De même, les sages-femmes doivent veiller au respect du droit à l’image de leurs patients et de leurs collègues, car il s’agit d’une donnée personnelle. Chacun a un « droit à l’image » et peut s’opposer à sa conservation ou sa diffusion publique sans son autorisation, sauf cas particulier. En pratique, éviter la publication de selfies : diffuser un selfie sur lequel apparaîtrait en arrière plan un patient ou un autre soignant reconnaissable peut faire l’objet d’une sanction au titre de la violation du droit à l’image. 
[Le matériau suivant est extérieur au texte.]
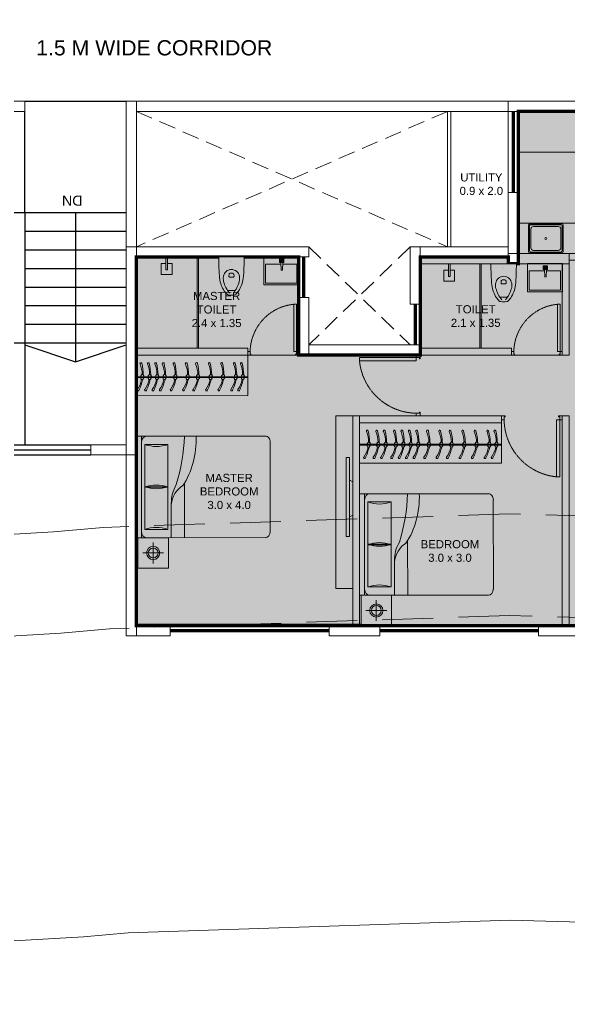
# Model space of a CAD drawing. Header units: inches. Extents: x 27644242 to 29761523, y -859349 to 216979.
# Drawn here: x 29077296 to 29085419, y -411034 to -396340 of the extents above; entities that cross this region are included whole.
import ezdxf

# ---------------------------------------------------------------- set-up
doc = ezdxf.new("R2010")
doc.units = ezdxf.units.IN
doc.header["$MEASUREMENT"] = 0
doc.set_wipeout_variables(frame=1)
for name, pattern in [('01-Xref Col Podium Lvl-1$0$HIDDEN', [0.375, 0.25, -0.125]), ('DASHED', [0.75, 0.5, -0.25]), ('DASHED2', [0.375, 0.25, -0.125]), ('HIDDEN', [0.375, 0.25, -0.125])]:
    doc.linetypes.add(name, pattern=pattern)
doc.layers.get('Defpoints').update_dxf_attribs({"color": 8})
for name, color, linetype, lineweight in [('AHC-A-DUCT', 14, 'HIDDEN', 5), ('DOOR', 4, 'Continuous', 0), ('ELEVATION', 40, 'Continuous', 13), ('FURN', 250, 'Continuous', 0), ('RVA Site Boundary', 17, 'Continuous', 15), ('WALL', 7, 'Continuous', 20), ('WINDOW', 162, 'Continuous', 13)]:
    doc.layers.add(name, color=color, linetype=linetype, lineweight=lineweight)
doc.layers.add('BHK HATCH', color=8, linetype='Continuous', lineweight=5, transparency=0.85)
for name, color, linetype in [('KPA Elevation Line 3', 252, 'Continuous'), ('KPA General Plan Line', 1, 'Continuous'), ('KPA Glass', 152, 'Continuous'), ('KPA Stair Line', 253, 'Continuous'), ('KPA Text', 7, 'Continuous'), ('text', 7, 'Continuous')]:
    doc.layers.add(name, color=color, linetype=linetype)
doc.styles.add('AMITS', font='arial.ttf')
doc.styles.get("Standard").update_dxf_attribs({"font": 'swiss.ttf'})

# ---------------------------------------------------------------- blocks, each defined once
blk = doc.blocks.new('A$C69BC79EC')
for p, q in [((980, 3480), (230, 3230)), ((980, 1280), (980, 3480)), ((1730, 3230), (980, 3480)), ((2755, 3480), (2005, 3230)), ((2755, 1280), (2755, 3480)), ((3505, 3230), (2755, 3480))]:
    blk.add_line(p, q)
at = {"layer": 'KPA Elevation Line 3'}
for p, q in [((1730, 1280), (1730, 3480)), ((2005, 3480), (2005, 1280)), ((1730, 3205), (2005, 3205)), ((1730, 1280), (2005, 1280))]:
    blk.add_line(p, q, dxfattribs=at)
at = {"layer": 'KPA General Plan Line'}
blk.add_line((1730, -370), (230, -370), dxfattribs=at)
at = {"layer": 'KPA Glass', "ltscale": 500}
for p, q in [((2855, 4855), (755, 4855)), ((2855, 4780), (755, 4780)), ((2855, 4705), (755, 4705))]:
    blk.add_line(p, q, dxfattribs=at)
at = {"layer": 'KPA Stair Line', "ltscale": 500}
for p, q in [((1730, 3205), (1730, 4705)), ((2005, 3205), (2005, 4705)), ((1730, 1280), (1730, -220)), ((2005, 1280), (2005, -220))]:
    blk.add_line(p, q, dxfattribs=at)
at = {"layer": 'KPA Stair Line'}
for p, q in [((230, 3205), (1730, 3205)), ((2005, 3205), (3505, 3205)), ((230, 2930), (1730, 2930)), ((2005, 2930), (3505, 2930)), ((230, 2655), (1730, 2655)), ((2005, 2655), (3505, 2655)), ((230, 2380), (1730, 2380)), ((2005, 2380), (3505, 2380)), ((230, 2105), (1730, 2105)), ((2005, 2105), (3505, 2105)), ((230, 1830), (1730, 1830)), ((2005, 1830), (3505, 1830)), ((230, 1555), (1730, 1555)), ((2005, 1555), (3505, 1555)), ((230, 1280), (1730, 1280)), ((3505, 1280), (2005, 1280)), ((2005, 1280), (3505, 1280))]:
    blk.add_line(p, q, dxfattribs=at)
at = {"layer": 'WALL', "ltscale": 500}
for p, q in [((755, 4855), (80, 4855)), ((80, -370), (80, 4855)), ((755, 4705), (755, 4855)), ((2855, 4705), (2855, 4855)), ((3655, 4855), (2855, 4855)), ((3655, 4855), (3655, -370)), ((755, 4705), (230, 4705)), ((230, -370), (230, 4705)), ((3505, 4705), (2855, 4705)), ((3505, 4705), (3505, -220)), ((1730, -220), (3505, -220)), ((1730, -220), (1730, -370)), ((80, -370), (230, -370)), ((1730, -370), (3655, -370))]:
    blk.add_line(p, q, dxfattribs=at)
at = {"layer": 'KPA Text', "extrusion": (-0.021168, 5.594e-15, 0.999776)}
for s, p in [('UP', (-1035, 2659, -55)), ('DN', (-1023, 877, -18))]:
    blk.add_text(s, height=150, rotation=90, dxfattribs=at).set_placement(p)
blk = doc.blocks.new('DOOR_750')
at = {"layer": 'DOOR'}
for points in [[(-70, 50), (-32, 50), (-32, 750), (-70, 750)], [(-750, 50), (-718, 50), (-718, 12), (-705, 12), (-705, 0), (-750, 0)], [(0, 50), (-32, 50), (-32, 12), (-45, 12), (-45, 0), (0, 0)]]:
    blk.add_lwpolyline(points, close=True, dxfattribs=at)
at = {"layer": 'DOOR', "linetype": 'DASHED', "ltscale": 10}
blk.add_arc((-2, 38), 715, 95.4221, 179.0403, dxfattribs=at)
blk = doc.blocks.new('KITCHEN')
at = {"layer": 'FURN'}
for p, q in [((-135610, 231799, 0), (-135610, 232190, 0)), ((-135596, 231813, 0), (-135596, 232176, 0)), ((-135120, 232209, 0), (-135591, 232209, 0)), ((-135134, 232195, 0), (-135577, 232195, 0)), ((-135172, 232171, 0), (-135539, 232171, 0)), ((-135115, 231813, 0), (-135115, 232176, 0)), ((-135100, 231799, 0), (-135100, 232190, 0)), ((-135578, 231857, 0), (-135578, 232132, 0)), ((-135133, 232132, 0), (-135133, 231857, 0)), ((-135120, 231779, 0), (-135591, 231779, 0)), ((-135134, 231794, 0), (-135577, 231794, 0)), ((-135172, 231818, 0), (-135539, 231818, 0))]:
    blk.add_line(p, q, dxfattribs=at)
blk.add_circle((-135356, 231997, 0), 14.6, dxfattribs=at)
for centre, radius, start, end in [((-135591, 232190, 0), 19.4, 89.9999, 179.9999), ((-135577, 232176, 0), 19.4, 89.9999, 179.9999), ((-135539, 232132, 0), 38.9, 89.9999, 179.9999), ((-135172, 232132, 0), 38.9, 359.9999, 89.9999), ((-135134, 232176, 0), 19.4, 359.9999, 89.9999), ((-135120, 232190, 0), 19.4, 359.9999, 89.9999), ((-135591, 231799, 0), 19.4, 180.0001, 270.0001), ((-135577, 231813, 0), 19.4, 180.0001, 270.0001), ((-135539, 231857, 0), 38.9, 179.9999, 269.9999), ((-135172, 231857, 0), 38.9, 269.9999, 359.9999), ((-135134, 231813, 0), 19.4, 270.0001, 0.0001), ((-135120, 231799, 0), 19.4, 270.0001, 0.0001)]:
    blk.add_arc(centre, radius, start, end, dxfattribs=at)
blk = doc.blocks.new('DNDNDNNDDN')
at = {"layer": 'FURN', "extrusion": (9.36485e-09, 6.40542e-09, 1)}
blk.add_line((172, 833, 0), (173, 233, 0), dxfattribs=at)
at = {"layer": 'FURN'}
for p, q in [((2273, 833, 0), (172, 833, 0)), ((2272, 833, 0), (2273, 233, 0)), ((2273, 564, 0), (173, 564, 0)), ((2273, 552, 0), (174, 552, 0)), ((2273, 233, 0), (173, 233, 0))]:
    blk.add_line(p, q, dxfattribs=at)
at = {"layer": 'FURN', "extrusion": (9.36485e-09, 6.40542e-09, 1)}
for points in [[(244, 520, 0.144333), (253, 521, 0.107177), (262, 529, 0.077818), (269, 540, 0.065016), (272, 555, 0.065016), (272, 570, 0.077818), (268, 583, 0.107177), (260, 592, 0.144333), (252, 595, 0.144333), (243, 594, 0.107177), (234, 586, 0.077818), (227, 575, 0.065016), (224, 560, 0.065016), (224, 545, 0.077818), (228, 533, 0.107177), (236, 523, 0.144333)], [(349, 520, 0.144333), (358, 521, 0.107177), (367, 529, 0.077818), (373, 540, 0.065016), (377, 555, 0.065016), (376, 570, 0.077818), (372, 583, 0.107177), (365, 592, 0.144333), (356, 595, 0.144333), (347, 594, 0.107177), (338, 586, 0.077818), (332, 575, 0.065016), (328, 560, 0.065016), (329, 545, 0.077818), (333, 533, 0.107177), (340, 523, 0.144333)], [(537, 520, 0.144333), (546, 522, 0.107177), (555, 529, 0.077818), (561, 540, 0.065016), (565, 555, 0.065016), (564, 570, 0.077818), (560, 583, 0.107177), (553, 592, 0.144333), (544, 596, 0.144333), (535, 594, 0.107177), (526, 586, 0.077818), (520, 575, 0.065016), (516, 560, 0.065016), (517, 545, 0.077818), (521, 533, 0.107177), (528, 523, 0.144333)], [(719, 520, 0.144333), (728, 522, 0.107177), (737, 529, 0.077818), (743, 540, 0.065016), (747, 555, 0.065016), (747, 571, 0.077818), (743, 583, 0.107177), (735, 592, 0.144333), (727, 596, 0.144333), (718, 594, 0.107177), (708, 586, 0.077818), (702, 575, 0.065016), (698, 560, 0.065016), (699, 545, 0.077818), (703, 533, 0.107177), (710, 523, 0.144333)], [(907, 520, 0.144333), (916, 522, 0.107177), (925, 529, 0.077818), (932, 540, 0.065016), (935, 555, 0.065016), (935, 571, 0.077818), (931, 583, 0.107177), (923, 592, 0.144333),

Il faut également rappeler que tout agent public ou salarié doit faire preuve de réserve et de mesure dans l’expression de ses opinions. Il a en effet été jugé que l’employeur peut se prévaloir de propos tenus sur un réseau social pour sanctionner un salarié qui aurait abusé de son droit d’expression. L’agent public est libre de ses opinions, mais leur expression n’est pas libre. Le devoir de réserve s’applique en général, pas seulement sur les temps de présence dans le service. Les réseaux sociaux, du fait de leur caractère public et non maîtrisable, sont donc à manier avec la plus grande précaution. 

Le non-respect du secret professionnel peut être sanctionné. Au pénal, la peine maximale correspond à un an d’emprisonnement et 15 000 euros d’amende. Devant les juridictions civiles, le professionnel mis en cause peut être amené à verser des dommages et intérêts en indemnisation du préjudice subi par le patient. Enfin, la juridiction ordinale veille également, le respect du secret professionnel étant l’un des piliers de la déontologie.